**The problem:**
Pick out every line in the data below that holds "drawing".

**Exercise input:**
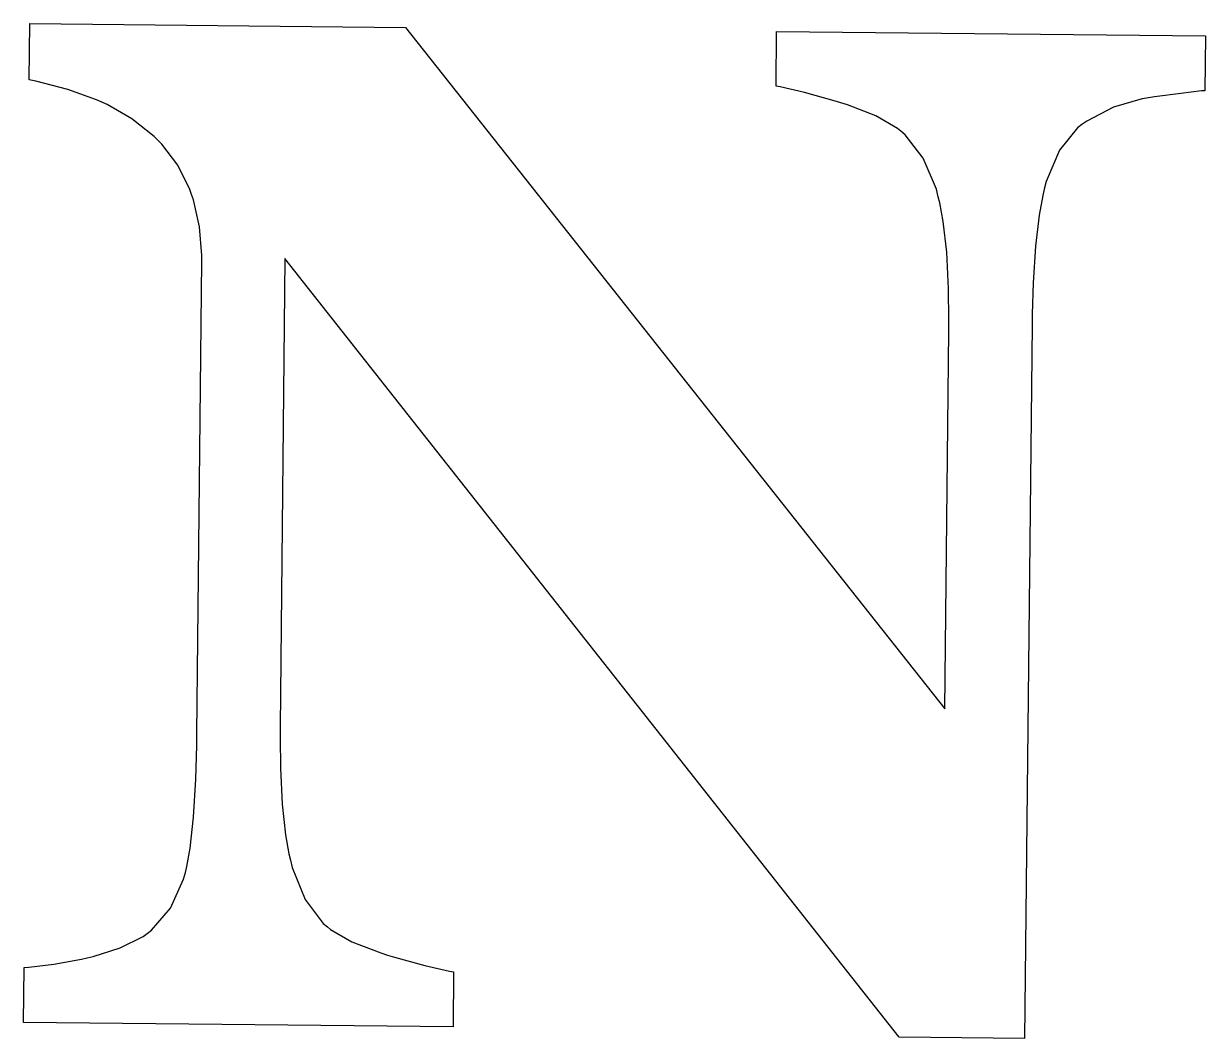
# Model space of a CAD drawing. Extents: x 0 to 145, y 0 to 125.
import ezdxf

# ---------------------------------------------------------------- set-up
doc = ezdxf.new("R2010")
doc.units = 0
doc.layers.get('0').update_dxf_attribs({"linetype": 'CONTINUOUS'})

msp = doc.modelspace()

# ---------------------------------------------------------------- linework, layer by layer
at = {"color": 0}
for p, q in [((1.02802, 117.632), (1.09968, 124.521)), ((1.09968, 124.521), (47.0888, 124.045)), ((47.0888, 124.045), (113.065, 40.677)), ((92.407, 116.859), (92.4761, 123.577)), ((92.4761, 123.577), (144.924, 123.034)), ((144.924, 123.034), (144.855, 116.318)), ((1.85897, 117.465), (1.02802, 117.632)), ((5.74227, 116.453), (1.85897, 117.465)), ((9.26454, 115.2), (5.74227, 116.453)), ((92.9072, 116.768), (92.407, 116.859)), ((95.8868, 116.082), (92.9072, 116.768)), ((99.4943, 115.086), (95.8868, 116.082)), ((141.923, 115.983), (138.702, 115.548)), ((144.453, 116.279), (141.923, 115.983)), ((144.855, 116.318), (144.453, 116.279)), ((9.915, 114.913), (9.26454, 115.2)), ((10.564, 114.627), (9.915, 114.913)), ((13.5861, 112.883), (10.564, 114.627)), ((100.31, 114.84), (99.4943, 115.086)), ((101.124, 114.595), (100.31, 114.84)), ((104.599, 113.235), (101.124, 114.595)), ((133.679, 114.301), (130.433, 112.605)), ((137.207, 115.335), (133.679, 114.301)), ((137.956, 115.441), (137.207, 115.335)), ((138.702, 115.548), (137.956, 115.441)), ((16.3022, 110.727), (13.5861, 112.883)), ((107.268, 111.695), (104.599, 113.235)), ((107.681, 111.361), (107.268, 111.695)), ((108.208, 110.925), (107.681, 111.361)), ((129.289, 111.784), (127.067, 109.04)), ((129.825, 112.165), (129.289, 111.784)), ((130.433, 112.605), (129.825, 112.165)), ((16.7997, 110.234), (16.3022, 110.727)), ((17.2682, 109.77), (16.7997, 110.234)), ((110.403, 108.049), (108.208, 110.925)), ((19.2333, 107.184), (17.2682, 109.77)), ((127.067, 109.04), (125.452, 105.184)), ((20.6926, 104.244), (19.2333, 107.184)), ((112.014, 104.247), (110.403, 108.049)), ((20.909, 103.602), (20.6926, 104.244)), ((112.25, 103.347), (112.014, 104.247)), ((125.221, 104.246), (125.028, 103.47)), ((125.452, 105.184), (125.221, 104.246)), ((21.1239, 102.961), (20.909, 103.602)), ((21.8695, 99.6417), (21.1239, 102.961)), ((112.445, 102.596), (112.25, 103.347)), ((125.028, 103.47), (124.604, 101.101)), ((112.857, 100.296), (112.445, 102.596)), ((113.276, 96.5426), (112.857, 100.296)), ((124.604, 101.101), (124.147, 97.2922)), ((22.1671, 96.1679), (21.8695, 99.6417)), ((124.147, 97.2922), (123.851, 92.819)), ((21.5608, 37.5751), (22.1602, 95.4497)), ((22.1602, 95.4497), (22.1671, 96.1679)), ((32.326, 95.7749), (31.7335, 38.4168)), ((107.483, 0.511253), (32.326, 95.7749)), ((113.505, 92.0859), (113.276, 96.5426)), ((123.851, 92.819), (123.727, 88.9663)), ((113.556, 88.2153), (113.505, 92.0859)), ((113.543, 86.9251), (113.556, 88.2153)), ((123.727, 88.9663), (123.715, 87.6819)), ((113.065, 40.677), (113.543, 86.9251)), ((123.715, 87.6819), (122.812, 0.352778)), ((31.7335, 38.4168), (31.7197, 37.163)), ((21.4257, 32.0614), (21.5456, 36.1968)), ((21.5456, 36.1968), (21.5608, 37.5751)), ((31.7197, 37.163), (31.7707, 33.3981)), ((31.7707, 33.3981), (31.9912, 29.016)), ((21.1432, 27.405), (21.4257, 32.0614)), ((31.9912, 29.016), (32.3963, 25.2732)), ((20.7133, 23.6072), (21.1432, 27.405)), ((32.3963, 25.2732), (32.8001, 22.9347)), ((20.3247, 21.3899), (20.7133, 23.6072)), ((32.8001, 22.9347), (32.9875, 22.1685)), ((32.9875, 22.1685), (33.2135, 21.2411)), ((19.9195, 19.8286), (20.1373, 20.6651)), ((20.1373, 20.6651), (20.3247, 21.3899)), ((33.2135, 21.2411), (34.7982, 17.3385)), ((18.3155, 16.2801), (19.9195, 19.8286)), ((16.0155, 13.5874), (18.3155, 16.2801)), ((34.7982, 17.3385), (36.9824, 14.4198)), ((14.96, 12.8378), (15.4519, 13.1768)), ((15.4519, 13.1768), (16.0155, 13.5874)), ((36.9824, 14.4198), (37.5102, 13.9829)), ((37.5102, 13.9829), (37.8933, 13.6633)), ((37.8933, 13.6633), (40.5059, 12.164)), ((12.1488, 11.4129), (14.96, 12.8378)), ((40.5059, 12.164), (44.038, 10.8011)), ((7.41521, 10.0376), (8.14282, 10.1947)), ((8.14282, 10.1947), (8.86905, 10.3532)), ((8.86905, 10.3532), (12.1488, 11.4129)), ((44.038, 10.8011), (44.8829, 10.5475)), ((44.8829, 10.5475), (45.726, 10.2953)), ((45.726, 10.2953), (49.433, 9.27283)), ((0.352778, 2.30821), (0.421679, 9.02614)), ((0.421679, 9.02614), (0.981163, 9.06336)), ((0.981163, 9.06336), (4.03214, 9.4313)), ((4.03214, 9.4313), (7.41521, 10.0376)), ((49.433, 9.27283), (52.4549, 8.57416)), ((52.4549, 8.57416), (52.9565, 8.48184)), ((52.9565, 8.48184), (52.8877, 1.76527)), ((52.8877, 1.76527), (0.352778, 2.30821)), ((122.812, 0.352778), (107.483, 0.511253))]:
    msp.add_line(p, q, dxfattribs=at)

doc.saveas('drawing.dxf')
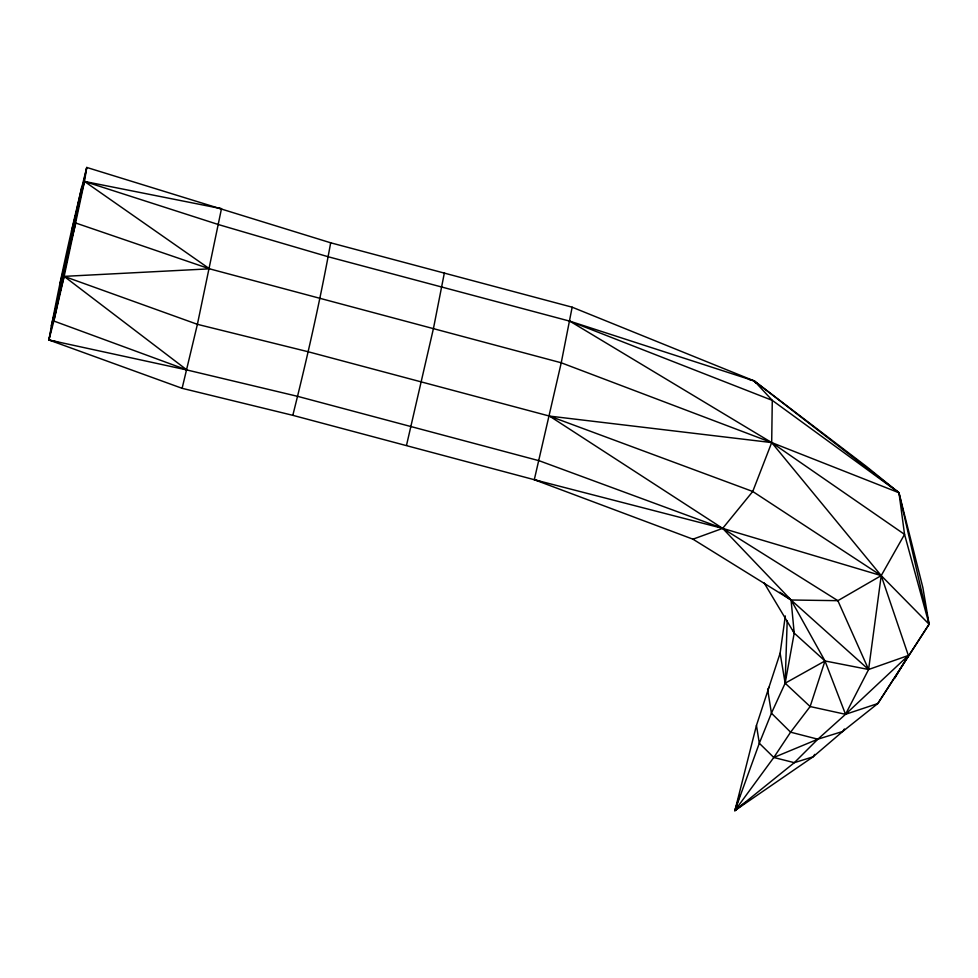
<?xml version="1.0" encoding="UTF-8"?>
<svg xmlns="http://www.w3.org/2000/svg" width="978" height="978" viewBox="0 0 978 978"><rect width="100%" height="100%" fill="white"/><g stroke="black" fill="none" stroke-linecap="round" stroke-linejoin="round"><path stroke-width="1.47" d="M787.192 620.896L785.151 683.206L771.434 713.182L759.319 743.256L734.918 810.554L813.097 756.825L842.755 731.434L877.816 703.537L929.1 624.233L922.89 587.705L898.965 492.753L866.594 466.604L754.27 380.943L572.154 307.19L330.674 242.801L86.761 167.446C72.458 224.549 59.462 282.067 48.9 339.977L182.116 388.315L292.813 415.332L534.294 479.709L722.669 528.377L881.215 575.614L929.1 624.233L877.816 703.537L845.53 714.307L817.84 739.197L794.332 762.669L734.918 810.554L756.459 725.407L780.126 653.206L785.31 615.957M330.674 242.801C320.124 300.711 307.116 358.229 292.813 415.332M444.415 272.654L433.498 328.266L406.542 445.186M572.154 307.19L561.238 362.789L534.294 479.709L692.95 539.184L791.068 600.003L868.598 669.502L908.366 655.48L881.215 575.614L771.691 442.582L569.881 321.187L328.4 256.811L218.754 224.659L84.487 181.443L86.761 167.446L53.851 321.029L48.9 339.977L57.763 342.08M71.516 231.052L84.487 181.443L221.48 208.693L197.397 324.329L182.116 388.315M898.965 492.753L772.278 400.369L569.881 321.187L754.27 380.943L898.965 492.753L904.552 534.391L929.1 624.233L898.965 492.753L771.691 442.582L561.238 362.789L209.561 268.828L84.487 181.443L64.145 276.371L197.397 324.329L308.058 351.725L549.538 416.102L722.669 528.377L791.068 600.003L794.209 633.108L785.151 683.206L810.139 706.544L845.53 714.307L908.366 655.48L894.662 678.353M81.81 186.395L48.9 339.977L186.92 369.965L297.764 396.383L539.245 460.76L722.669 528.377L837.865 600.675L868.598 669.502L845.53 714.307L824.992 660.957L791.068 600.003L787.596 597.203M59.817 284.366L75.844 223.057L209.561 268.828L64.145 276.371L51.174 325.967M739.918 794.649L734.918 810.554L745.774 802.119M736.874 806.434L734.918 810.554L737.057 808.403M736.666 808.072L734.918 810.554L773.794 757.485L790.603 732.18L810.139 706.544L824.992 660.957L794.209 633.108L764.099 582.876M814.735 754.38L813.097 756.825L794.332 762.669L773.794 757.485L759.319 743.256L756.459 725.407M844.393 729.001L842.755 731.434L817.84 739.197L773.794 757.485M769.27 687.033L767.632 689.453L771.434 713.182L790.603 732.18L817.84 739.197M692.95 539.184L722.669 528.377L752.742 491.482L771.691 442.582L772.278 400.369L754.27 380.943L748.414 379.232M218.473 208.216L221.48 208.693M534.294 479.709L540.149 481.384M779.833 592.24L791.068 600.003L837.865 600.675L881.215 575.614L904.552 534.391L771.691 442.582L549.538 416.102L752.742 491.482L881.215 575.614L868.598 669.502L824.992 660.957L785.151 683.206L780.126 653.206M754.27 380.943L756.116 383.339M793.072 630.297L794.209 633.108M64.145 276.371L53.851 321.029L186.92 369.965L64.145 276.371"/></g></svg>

**Answer box:**
# Model space of a CAD drawing. Extents: x 0 to 145, y 0 to 125.
doc.saveas('drawing.dxf')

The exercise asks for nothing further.